Bangkok Post - January 7, 2001
The dangers of denial have long been discussed and generally accepted by medical authorities. Indeed, Thailand has often been praised for the quality of its anti-Aids programmes through education. But the field study by Johns Hopkins University is one of the first, and extremely compelling pieces of evidence of just how important it is to let people know the truth about Aids.
Thailand went through a period of denial after the first outbreak of the epidemic. Before authorities recognised the dangers of Aids, tens of thousands of citizens were already infected. Since then, a coalition of government and private groups has fought HIV/Aids in a responsible way. Thailand has not defeated this epidemic, but the growth of Aids in our country has stopped.
That modest achievement is at risk. The influx of refugees and illegal workers is not directly to blame. Rather, it is the inability of the Burmese regime to accept the fact of a major epidemic. In recent weeks, members of the Rangoon dictatorship have again announced that Burma cannot have an Aids problem, because their people do not practice illicit sex. The Johns Hopkins study fills in the missing pieces. It proves that Burmese are uninformed or misinformed about Aids by their leaders.
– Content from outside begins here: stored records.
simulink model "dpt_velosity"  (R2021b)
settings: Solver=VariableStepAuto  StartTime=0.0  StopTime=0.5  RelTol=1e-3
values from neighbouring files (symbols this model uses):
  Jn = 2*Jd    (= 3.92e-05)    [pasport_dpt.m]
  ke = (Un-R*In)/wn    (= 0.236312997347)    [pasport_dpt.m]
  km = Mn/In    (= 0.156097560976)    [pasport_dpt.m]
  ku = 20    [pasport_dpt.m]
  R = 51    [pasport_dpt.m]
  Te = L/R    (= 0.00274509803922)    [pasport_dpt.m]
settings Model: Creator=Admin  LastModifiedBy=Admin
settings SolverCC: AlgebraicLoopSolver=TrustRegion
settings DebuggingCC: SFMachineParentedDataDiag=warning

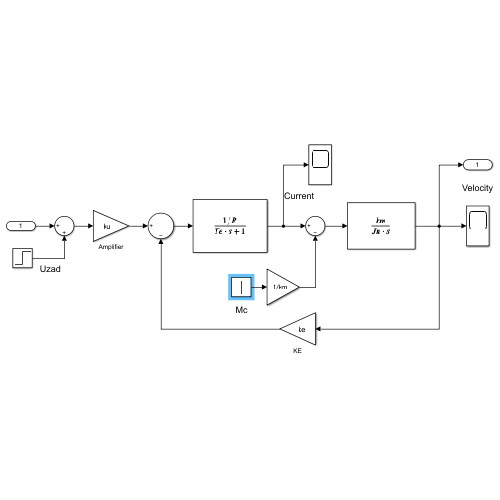
[thumbnail: Simulink's stored preview of the top-level diagram]
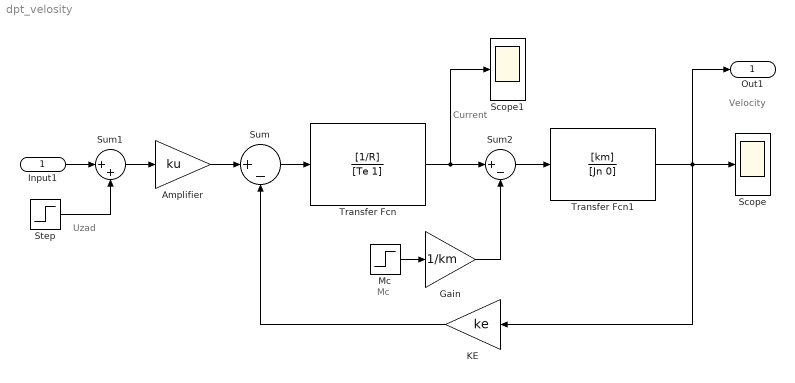
== system dpt_velosity ==
  note: Uzad
  note: Mc
  note: Velocity
  note: Current
  Input1 : Inport
  Amplifier : Gain  Gain=ku
  Gain : Gain  Gain=1/km
  KE : Gain  Gain=ke
  Mc : Step  Time=0.35  After=0.02  SampleTime=0  ZeroCross=off
  Scope : Scope
  Scope1 : Scope
  Step : Step  Time=0  SampleTime=0  ZeroCross=off
  Sum : Sum  Inputs=|+-
  Sum1 : Sum  Inputs=|++
  Sum2 : Sum  Inputs=|+-
  Transfer Fcn : TransferFcn  Numerator=[1/R]  Denominator=[Te 1]
  Transfer Fcn1 : TransferFcn  Numerator=[km]  Denominator=[Jn 0]
  Out1 : Outport  BusOutputAsStruct=on
  wires:
  Amplifier/1 -> Sum/1
  Input1/1 -> Sum1/1
  Sum1/1 -> Amplifier/1
  KE/1 -> Sum/2
  Step/1 -> Sum1/2
  Sum/1 -> Transfer Fcn/1
  Transfer Fcn/1 -> Sum2/1, Scope1/1
  Sum2/1 -> Transfer Fcn1/1
  Transfer Fcn1/1 -> KE/1, Out1/1, Scope/1
  Gain/1 -> Sum2/2
  Mc/1 -> Gain/1

Such blindness would be sad if it were not so dangerous. Diseases know no borders, and neither HIV nor Aids recognises races or nationality. Yet, Burma allows no school classes on Aids, prohibits the promotion of condoms and bars all health studies by international experts. The United Nations has estimated Burma has a minimum of 700,000 Aids cases and 50,000 deaths. There is no way to verify these figures, but no one any longer believes the Burmese regime's denials.
Many believe that Burma is a victim of its own policies. Denial is deeply steeped in the political system. The military junta must deny its close associations with the drug trade-and therefore is forced to deny that there is a serious drug addiction problem among Burmese. Therefore, as the denial-lie becomes larger, there are no needle-sharing drug addicts of Rangoon, Mandalay and other cities. And they cannot spread Aids through their needles or their after-drugs sex.
The Johns Hopkins study among Burmese workers in Thailand showed that 85% of married women had never seen a condom. A shocking 13% of all the men had never used a condom, even once. More than half believed that birth control pills would prevent Aids.
This is the attitude that Burmese bring to Thailand. More importantly, this is the knowledge that all Burmese have in their own country. It may be worse than that. There is no way to tell how many of the Burmese picked up even their tiny amount of education about Aids in Thailand.
The Burmese regime will pay dearly for suppressing information and education about Aids. But there will not just be Burmese victims. The neighbours of Burma, including Thailand, are at risk. Even a fast change on Aids, along with an educational programme, will solve little.
The Burmese dictators must stop promoting and profitting from the drug trafficking. This is the root of the country's political, social and health problems. So long as the regime is locked into a dependency on drug-dealing political allies, it is not free to work on the nation's most serious difficulties.